- Title: Honorary Associate Professor

Academic background
- Alma mater: University of Sydney (BA & MA) University of Queensland (PhD)
- Thesis: Caesar and Rome : a study of Roman politics and administration, 49-44 B.C. (1990)

Academic work
- Discipline: Classics
- Sub-discipline: Roman History
- Institutions: University of Sydney

= Kathryn Welch =

Australian classical scholar

Kathryn Welch is an Australian historian. She is an honorary associate professor in the Department of Classics and Ancient History at the University of Sydney, and a specialist in Roman Republican and early Imperial History.

== Career ==
Kathryn Welch studied for her BA and MA at the University of Sydney, before moving to the University of Queensland for her PhD. Her PhD thesis, titled "Caesar and Rome: a study of Roman politics and administration, 49-44 B.C." was completed in 1990. She worked for six years as a teacher at Kogarah High School. In 1991, she joined the University of Sydney. She has been awarded various research fellowships: including between 1993 and 1996 a Leverhulme Trust postdoctoral research fellowship at the University of Exeter, and in 1999 a Research Institute of Humanities and Social Sciences Writing Fellowship. She has also held visiting research fellowships. In 2003, she was a senior visiting fellow at the Australian Centre for Numismatic Studies, Macquarie University, in 2016 a visiting scholar at Merton College, and in 2017 at the University of Heidelberg. She also held the Thompson Fellowship at the University of Sydney in 2017. Between 2013 and 2017, she served as honorary secretary of the Australasian Society for Classical Studies. She retired from her university post in 2021, and remains a co-director of the Pompeii Cast Project, a project which focuses on analysis of plaster casts from Pompeii.

== Research ==
Welch's research focuses on the politics and historiography of the late Roman Republic and early empire. Her 2012 book on Sextus Pompeius has been described as an "important contribution" and a "welcome reassessment" of the late Republican period, and her chapter in the volume The alternative Augustan age was described as a "prosopographical gem". Her work on Appian has similarly been described as "important" for adjusting modern assessments of the ancient historian.

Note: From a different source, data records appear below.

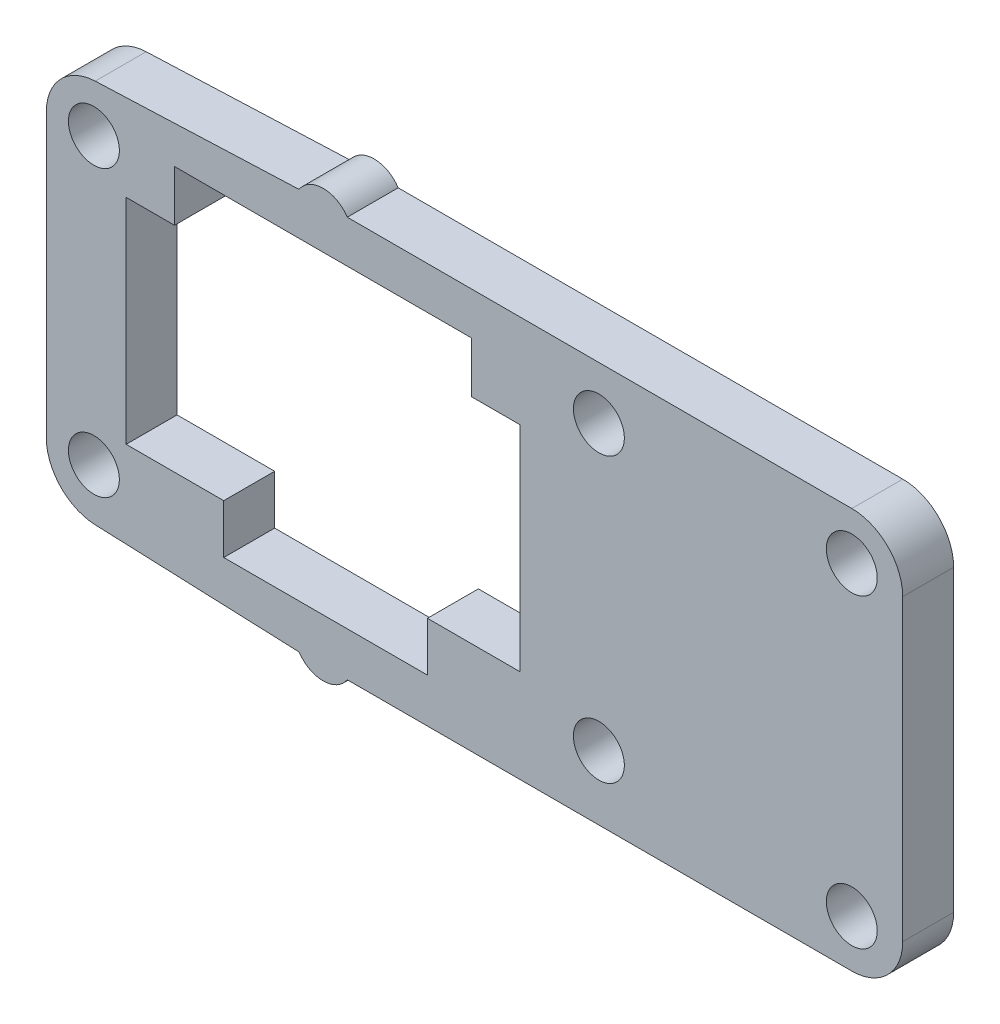
ISO-10303-21;
HEADER;
FILE_DESCRIPTION(('STEP AP214'),'2;1');
FILE_NAME('part.step','',(''),(''),'','','');
FILE_SCHEMA(('AUTOMOTIVE_DESIGN { 1 0 10303 214 1 1 1 1 }'));
ENDSEC;
DATA;
#1=APPLICATION_CONTEXT('core data for automotive mechanical design processes');
#2=APPLICATION_PROTOCOL_DEFINITION('international standard','automotive_design',2000,#1);
#3=PRODUCT_CONTEXT('',#1,'mechanical');
#4=PRODUCT('Part','Part','',(#3));
#5=PRODUCT_RELATED_PRODUCT_CATEGORY('part','',(#4));
#6=PRODUCT_DEFINITION_FORMATION('','',#4);
#7=PRODUCT_DEFINITION_CONTEXT('part definition',#1,'design');
#8=PRODUCT_DEFINITION('design','',#6,#7);
#9=PRODUCT_DEFINITION_SHAPE('','',#8);
#10=(LENGTH_UNIT() NAMED_UNIT(*) SI_UNIT(.MILLI.,.METRE.));
#11=(NAMED_UNIT(*) PLANE_ANGLE_UNIT() SI_UNIT($,.RADIAN.));
#12=(NAMED_UNIT(*) SI_UNIT($,.STERADIAN.) SOLID_ANGLE_UNIT());
#13=UNCERTAINTY_MEASURE_WITH_UNIT(LENGTH_MEASURE(1.E-05),#10,'distance_accuracy_value','');
#14=(GEOMETRIC_REPRESENTATION_CONTEXT(3) GLOBAL_UNCERTAINTY_ASSIGNED_CONTEXT((#13)) GLOBAL_UNIT_ASSIGNED_CONTEXT((#10,
#11,#12)) REPRESENTATION_CONTEXT('',''));
#15=CARTESIAN_POINT('',(0.,0.,0.));
#16=DIRECTION('',(0.,0.,1.));
#17=DIRECTION('',(1.,0.,0.));
#18=AXIS2_PLACEMENT_3D('',#15,#16,#17);
#19=CARTESIAN_POINT('',(734.593549902307,733.876262300404,-3.));
#20=DIRECTION('',(0.,0.,1.));
#21=DIRECTION('',(1.,0.,0.));
#22=AXIS2_PLACEMENT_3D('',#19,#20,#21);
#23=CYLINDRICAL_SURFACE('',#22,2.99999999999839);
#24=CARTESIAN_POINT('',(734.593549902307,733.876262300404,0.));
#25=DIRECTION('',(0.,0.,1.));
#26=DIRECTION('',(-1.,0.,0.));
#27=AXIS2_PLACEMENT_3D('',#24,#25,#26);
#28=CIRCLE('',#27,2.99999999999839);
#29=CARTESIAN_POINT('',(737.593549902304,733.876262300405,0.));
#30=VERTEX_POINT('',#29);
#31=CARTESIAN_POINT('',(734.593549902304,736.876262300405,0.));
#32=VERTEX_POINT('',#31);
#33=EDGE_CURVE('E285',#30,#32,#28,.T.);
#34=ORIENTED_EDGE('',*,*,#33,.F.);
#35=DIRECTION('',(0.,0.,1.));
#36=VECTOR('',#35,1.);
#37=CARTESIAN_POINT('',(737.593549902304,733.876262300405,-3.));
#38=LINE('',#37,#36);
#39=CARTESIAN_POINT('',(737.593549902304,733.876262300405,-3.));
#40=VERTEX_POINT('',#39);
#41=EDGE_CURVE('E11',#40,#30,#38,.T.);
#42=ORIENTED_EDGE('',*,*,#41,.F.);
#43=CARTESIAN_POINT('',(734.593549902307,733.876262300404,-3.));
#44=DIRECTION('',(0.,0.,1.));
#45=DIRECTION('',(-1.,0.,0.));
#46=AXIS2_PLACEMENT_3D('',#43,#44,#45);
#47=CIRCLE('',#46,2.99999999999839);
#48=CARTESIAN_POINT('',(734.593549902304,736.876262300405,-3.));
#49=VERTEX_POINT('',#48);
#50=EDGE_CURVE('E305',#40,#49,#47,.T.);
#51=ORIENTED_EDGE('',*,*,#50,.T.);
#52=DIRECTION('',(0.,0.,1.));
#53=VECTOR('',#52,1.);
#54=CARTESIAN_POINT('',(734.593549902304,736.876262300405,-3.));
#55=LINE('',#54,#53);
#56=EDGE_CURVE('E342',#49,#32,#55,.T.);
#57=ORIENTED_EDGE('',*,*,#56,.T.);
#58=EDGE_LOOP('',(#34,#42,#51,#57));
#59=FACE_BOUND('',#58,.T.);
#60=ADVANCED_FACE('F39',(#59),#23,.T.);
#61=CARTESIAN_POINT('',(737.593549902304,733.876262300405,-3.));
#62=DIRECTION('',(1.,1.76626390281275E-13,0.));
#63=DIRECTION('',(-1.76626390281275E-13,1.,0.));
#64=AXIS2_PLACEMENT_3D('',#61,#62,#63);
#65=PLANE('',#64);
#66=DIRECTION('',(-1.76626390281275E-13,1.,0.));
#67=VECTOR('',#66,1.);
#68=CARTESIAN_POINT('',(737.593549902304,733.876262300405,0.));
#69=LINE('',#68,#67);
#70=CARTESIAN_POINT('',(737.593549902307,716.276262300404,0.));
#71=VERTEX_POINT('',#70);
#72=EDGE_CURVE('E309',#71,#30,#69,.T.);
#73=ORIENTED_EDGE('',*,*,#72,.F.);
#74=DIRECTION('',(0.,0.,1.));
#75=VECTOR('',#74,1.);
#76=CARTESIAN_POINT('',(737.593549902307,716.276262300404,-3.));
#77=LINE('',#76,#75);
#78=CARTESIAN_POINT('',(737.593549902307,716.276262300404,-3.));
#79=VERTEX_POINT('',#78);
#80=EDGE_CURVE('E47',#79,#71,#77,.T.);
#81=ORIENTED_EDGE('',*,*,#80,.F.);
#82=DIRECTION('',(-1.76626390281275E-13,1.,0.));
#83=VECTOR('',#82,1.);
#84=CARTESIAN_POINT('',(737.593549902304,733.876262300405,-3.));
#85=LINE('',#84,#83);
#86=EDGE_CURVE('E339',#79,#40,#85,.T.);
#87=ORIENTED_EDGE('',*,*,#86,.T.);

== Selected publications ==
- Welch, K., Powel, A. (2002). Sextus Pompeius. United Kingdom: Gerald Duckworth & Co and The Classical Press of Wales.
- Welch, K., Hillard, T. (2005). Roman Crossings: Theory and Practice in the Roman Republic. Swansea: The Classical Press of Wales.
- Welch, K. (2012). Magnus Pius: Sextus Pompeius and the Transformation of the Roman Republic. Swansea, UK: The Classical Press of Wales.
- Welch, K. (2015). Appian's Roman History: Empire and Civil War. Swansea: The Classical Press of Wales.
- Welch, K. (2019). Shields of Virtue(s). In K. Morrell, J. Osgood, K. Welch (Eds.), The Alternative Augustan Age, (pp. 282–304). New York: Oxford University Press.